Survivors:
the strugggle
to stay alive

The Jews who had managed to survive mass killings used four main strategies to ensure further survival: hiding in the woods, seeking assistance from non-Jewish neighbours, using forged documents to conceal identity, or asking partisan units for help. The majority of surviving Jews had to resort to all of these strategies at different stages of their survival journey.
Most often, the survivors hid in the forest. While living there, Jews sometimes formed “survival groups”, building dugouts, creating self-defence units and jointly searching for food and clothing, which were crucial for their survival in such conditions.
We made a dugout in a hole. But we could not dig deeper than knee-deep, because further down there was a rocky surface. We put thick birch trees on top and made just one opening for getting in and out. Inside one could only lie down, not sit or stand. With snow covering it on the top, the dugout was quite well hidden, but in the evening, when 33 people climbed in, although some stood guard, we had to lie on top of each other, neither alive nor dead. At first, we used snow as water; later we dug a hole and got dirty water to sustain our existence. During the day we cooked on a small fire, and in the evening we went to search for food. Once we brought back 2 sheep we had caught in the valley; we slaughtered them and brought to the forest. Another time we came back with potatoes, boiled the potatoes without peeling them, and gave two potatoes to each person.
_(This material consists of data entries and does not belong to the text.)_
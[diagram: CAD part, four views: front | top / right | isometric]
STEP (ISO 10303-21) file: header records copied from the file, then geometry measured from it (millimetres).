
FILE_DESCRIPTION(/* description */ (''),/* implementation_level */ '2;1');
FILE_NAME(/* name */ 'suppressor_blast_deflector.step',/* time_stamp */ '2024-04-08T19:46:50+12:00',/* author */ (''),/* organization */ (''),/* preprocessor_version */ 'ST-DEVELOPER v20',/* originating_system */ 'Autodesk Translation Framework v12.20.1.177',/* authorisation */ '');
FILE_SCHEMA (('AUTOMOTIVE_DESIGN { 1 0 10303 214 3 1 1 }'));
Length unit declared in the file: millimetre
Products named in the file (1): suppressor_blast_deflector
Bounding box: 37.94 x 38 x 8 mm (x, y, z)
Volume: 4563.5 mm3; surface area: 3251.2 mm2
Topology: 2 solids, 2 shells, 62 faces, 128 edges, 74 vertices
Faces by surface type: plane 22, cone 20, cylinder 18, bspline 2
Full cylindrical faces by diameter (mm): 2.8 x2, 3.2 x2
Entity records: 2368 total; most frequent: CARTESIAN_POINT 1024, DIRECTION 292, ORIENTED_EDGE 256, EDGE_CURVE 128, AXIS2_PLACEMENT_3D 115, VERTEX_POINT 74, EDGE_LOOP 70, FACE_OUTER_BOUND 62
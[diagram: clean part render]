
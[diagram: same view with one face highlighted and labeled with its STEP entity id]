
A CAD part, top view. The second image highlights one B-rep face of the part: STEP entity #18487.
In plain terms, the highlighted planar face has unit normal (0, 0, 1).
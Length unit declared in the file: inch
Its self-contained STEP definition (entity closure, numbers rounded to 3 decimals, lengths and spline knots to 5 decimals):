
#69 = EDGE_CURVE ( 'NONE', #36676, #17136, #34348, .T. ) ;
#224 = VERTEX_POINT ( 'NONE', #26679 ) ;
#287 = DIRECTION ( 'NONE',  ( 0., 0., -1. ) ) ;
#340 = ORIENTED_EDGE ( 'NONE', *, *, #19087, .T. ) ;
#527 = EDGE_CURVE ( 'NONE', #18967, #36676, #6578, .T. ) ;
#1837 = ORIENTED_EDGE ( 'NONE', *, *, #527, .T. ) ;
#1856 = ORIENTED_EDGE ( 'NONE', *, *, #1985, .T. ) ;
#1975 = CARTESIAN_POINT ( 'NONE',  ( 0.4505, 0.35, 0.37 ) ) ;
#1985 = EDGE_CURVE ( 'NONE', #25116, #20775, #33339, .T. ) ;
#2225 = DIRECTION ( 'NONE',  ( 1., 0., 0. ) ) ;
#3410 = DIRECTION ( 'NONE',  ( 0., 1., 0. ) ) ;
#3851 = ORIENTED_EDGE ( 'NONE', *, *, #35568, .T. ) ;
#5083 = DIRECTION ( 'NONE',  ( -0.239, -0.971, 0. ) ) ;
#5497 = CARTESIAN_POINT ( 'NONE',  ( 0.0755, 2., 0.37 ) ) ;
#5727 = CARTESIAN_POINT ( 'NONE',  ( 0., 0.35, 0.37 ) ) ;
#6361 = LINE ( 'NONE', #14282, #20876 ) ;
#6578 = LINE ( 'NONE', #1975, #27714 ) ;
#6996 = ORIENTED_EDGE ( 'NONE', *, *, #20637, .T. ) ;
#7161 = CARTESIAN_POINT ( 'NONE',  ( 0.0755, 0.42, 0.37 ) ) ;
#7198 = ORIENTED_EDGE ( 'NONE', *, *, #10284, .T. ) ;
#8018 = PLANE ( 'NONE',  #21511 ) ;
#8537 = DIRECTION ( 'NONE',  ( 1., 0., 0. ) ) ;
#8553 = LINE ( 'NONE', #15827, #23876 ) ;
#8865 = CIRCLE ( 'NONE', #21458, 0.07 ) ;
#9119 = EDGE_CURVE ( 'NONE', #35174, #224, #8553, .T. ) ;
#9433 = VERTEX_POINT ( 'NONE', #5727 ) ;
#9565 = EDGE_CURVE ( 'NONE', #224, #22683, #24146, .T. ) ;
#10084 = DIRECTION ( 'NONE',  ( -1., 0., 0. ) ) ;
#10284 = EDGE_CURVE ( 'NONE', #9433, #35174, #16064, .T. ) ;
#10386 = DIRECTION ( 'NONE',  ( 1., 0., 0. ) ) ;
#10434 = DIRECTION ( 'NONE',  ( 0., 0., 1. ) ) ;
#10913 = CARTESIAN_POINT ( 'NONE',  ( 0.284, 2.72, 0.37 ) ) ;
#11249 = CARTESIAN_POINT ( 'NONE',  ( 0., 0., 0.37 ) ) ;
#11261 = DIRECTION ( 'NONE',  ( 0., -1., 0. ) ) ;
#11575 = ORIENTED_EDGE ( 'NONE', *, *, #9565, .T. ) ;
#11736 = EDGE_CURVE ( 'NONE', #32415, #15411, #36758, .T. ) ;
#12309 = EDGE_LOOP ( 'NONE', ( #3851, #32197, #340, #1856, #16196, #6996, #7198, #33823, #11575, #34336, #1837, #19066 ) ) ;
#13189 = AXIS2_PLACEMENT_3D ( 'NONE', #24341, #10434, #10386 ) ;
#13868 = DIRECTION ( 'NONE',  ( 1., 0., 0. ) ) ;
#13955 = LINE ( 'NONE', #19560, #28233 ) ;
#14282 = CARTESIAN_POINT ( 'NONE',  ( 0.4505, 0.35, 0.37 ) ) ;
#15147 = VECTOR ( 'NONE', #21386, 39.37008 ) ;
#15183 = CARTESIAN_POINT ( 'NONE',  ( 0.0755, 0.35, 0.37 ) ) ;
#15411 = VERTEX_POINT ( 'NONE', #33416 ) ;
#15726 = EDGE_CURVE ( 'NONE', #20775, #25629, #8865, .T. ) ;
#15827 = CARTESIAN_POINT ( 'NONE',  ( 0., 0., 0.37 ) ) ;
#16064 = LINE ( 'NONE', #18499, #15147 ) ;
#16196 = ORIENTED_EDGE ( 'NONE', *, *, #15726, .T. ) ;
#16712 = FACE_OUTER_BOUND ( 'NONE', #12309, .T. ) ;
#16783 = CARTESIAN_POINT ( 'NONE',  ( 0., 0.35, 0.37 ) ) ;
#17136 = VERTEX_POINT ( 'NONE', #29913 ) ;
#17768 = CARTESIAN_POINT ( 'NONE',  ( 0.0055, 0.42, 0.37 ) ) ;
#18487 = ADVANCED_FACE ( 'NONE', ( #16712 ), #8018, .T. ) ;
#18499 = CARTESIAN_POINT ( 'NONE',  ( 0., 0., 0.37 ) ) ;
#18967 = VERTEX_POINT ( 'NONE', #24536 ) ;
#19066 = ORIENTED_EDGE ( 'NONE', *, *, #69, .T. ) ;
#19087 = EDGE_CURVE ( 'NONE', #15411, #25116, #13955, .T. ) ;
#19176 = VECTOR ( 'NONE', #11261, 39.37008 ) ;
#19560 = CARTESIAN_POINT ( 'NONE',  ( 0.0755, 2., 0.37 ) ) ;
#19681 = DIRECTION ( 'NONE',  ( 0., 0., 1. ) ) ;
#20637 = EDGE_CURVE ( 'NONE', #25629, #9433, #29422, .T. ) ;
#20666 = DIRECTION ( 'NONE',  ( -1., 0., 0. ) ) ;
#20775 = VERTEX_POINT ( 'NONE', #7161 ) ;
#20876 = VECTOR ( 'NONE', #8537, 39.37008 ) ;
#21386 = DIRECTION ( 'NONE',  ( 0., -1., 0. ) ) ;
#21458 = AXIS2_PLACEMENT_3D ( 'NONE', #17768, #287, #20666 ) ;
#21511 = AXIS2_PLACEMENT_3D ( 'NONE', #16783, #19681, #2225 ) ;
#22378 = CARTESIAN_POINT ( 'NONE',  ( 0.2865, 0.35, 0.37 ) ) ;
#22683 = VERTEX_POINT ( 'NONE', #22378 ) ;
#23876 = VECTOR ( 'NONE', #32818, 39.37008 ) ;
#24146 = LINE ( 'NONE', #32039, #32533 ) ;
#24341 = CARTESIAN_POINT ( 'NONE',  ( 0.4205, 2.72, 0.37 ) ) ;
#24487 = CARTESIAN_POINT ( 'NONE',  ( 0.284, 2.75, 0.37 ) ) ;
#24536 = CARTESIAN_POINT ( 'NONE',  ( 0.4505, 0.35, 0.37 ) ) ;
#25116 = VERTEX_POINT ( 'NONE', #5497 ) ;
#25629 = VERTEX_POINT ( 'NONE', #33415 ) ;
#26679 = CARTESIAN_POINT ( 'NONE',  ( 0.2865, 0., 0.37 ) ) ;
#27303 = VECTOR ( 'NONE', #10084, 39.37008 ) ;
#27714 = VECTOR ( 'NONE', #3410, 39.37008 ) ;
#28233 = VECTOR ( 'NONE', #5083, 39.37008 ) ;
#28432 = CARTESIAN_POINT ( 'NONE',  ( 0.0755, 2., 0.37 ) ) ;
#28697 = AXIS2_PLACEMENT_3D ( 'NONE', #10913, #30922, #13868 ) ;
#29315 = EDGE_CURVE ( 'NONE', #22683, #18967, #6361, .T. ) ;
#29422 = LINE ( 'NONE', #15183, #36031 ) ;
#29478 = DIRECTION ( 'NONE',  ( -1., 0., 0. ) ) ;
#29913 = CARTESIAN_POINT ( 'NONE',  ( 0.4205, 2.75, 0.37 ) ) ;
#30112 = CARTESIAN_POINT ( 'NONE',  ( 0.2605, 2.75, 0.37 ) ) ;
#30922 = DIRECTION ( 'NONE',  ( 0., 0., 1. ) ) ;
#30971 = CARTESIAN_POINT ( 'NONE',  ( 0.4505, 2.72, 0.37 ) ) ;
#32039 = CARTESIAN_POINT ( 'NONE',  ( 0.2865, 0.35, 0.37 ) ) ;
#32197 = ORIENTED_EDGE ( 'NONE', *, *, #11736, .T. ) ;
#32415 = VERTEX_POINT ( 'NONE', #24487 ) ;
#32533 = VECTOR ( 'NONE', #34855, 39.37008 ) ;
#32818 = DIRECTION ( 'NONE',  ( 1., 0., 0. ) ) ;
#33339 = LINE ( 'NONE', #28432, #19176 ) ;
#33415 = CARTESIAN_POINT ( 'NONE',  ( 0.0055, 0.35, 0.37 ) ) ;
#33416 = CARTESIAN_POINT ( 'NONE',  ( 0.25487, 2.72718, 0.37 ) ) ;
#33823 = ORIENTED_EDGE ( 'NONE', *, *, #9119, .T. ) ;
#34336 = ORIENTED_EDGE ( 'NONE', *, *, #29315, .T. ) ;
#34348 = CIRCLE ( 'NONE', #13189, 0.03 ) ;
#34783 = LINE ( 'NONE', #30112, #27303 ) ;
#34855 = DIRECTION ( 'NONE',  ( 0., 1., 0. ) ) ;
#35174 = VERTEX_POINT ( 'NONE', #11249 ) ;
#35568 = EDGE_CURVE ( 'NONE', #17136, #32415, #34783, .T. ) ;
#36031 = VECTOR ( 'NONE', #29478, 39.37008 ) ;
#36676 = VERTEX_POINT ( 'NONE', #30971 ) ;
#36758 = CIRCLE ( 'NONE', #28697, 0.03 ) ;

Bread was a luxury”.
Yehuda Kogan, a Jew from Birky, survived the liquidation of the Ratne ghetto at the age of 20.
Many Jews tried to enlist the assistance of their non-Jewish neighbours, but the latter, due to denunciations, constant searches and raids, and a general atmosphere of fear and distrust, did not always agree to help. On top of that, the occupation authorities threatened the local population with various punishments — including the execution of offenders and their families — for aiding Jews in any way.
“Vasylyna and Oleksandr took care of me for about two and a half years. One day, Vasylyna and Oleksandr received a letter (a very official document) that ordered to deliver me, on a certain date, to a neighbouring town. Vasylyna hurried to Adam [the village elder] and asked: ‘What should I do?’ He replied: ‘You have to go, otherwise they will come and kill you’. She arrived very late and said that the wheel on her cart had broken, or something to that effect. By the time she arrived, all the children who had been gathered there had already been shot. She started arguing with the captain, who was very angry with her and ready to shoot me. She said: ‘Shoot me first’. However, he was not ready to kill Ukrainians, because he himself was a member of the Ukrainian police. They were not Germans. So he said: “Take her home; you will bring her next time’. That’s how she saved me that time”.
Marsha Tishler, a Jew from Holoby, was less than one year old when the local ghetto got liquidated. She was saved by Oleksandr and Vasylyna Yarmoliuk, a couple honoured as Righteous Among the Nations.
Marsha Tishler at the end of World War II. Source: the United States Holocaust Memorial Museum.
As recorded in the testimony in reference to the commandant of the local police.
Yakіv Sukhenko and Ivan Shevchenko, who helped many Jews from Rivne and Zdolbuniv by providing them with false documents and organizing their escape to other regions of Ukraine, were eventually exposed and shot in April 1943 in Kyiv. Despite everything, there were more people willing to risk their lives.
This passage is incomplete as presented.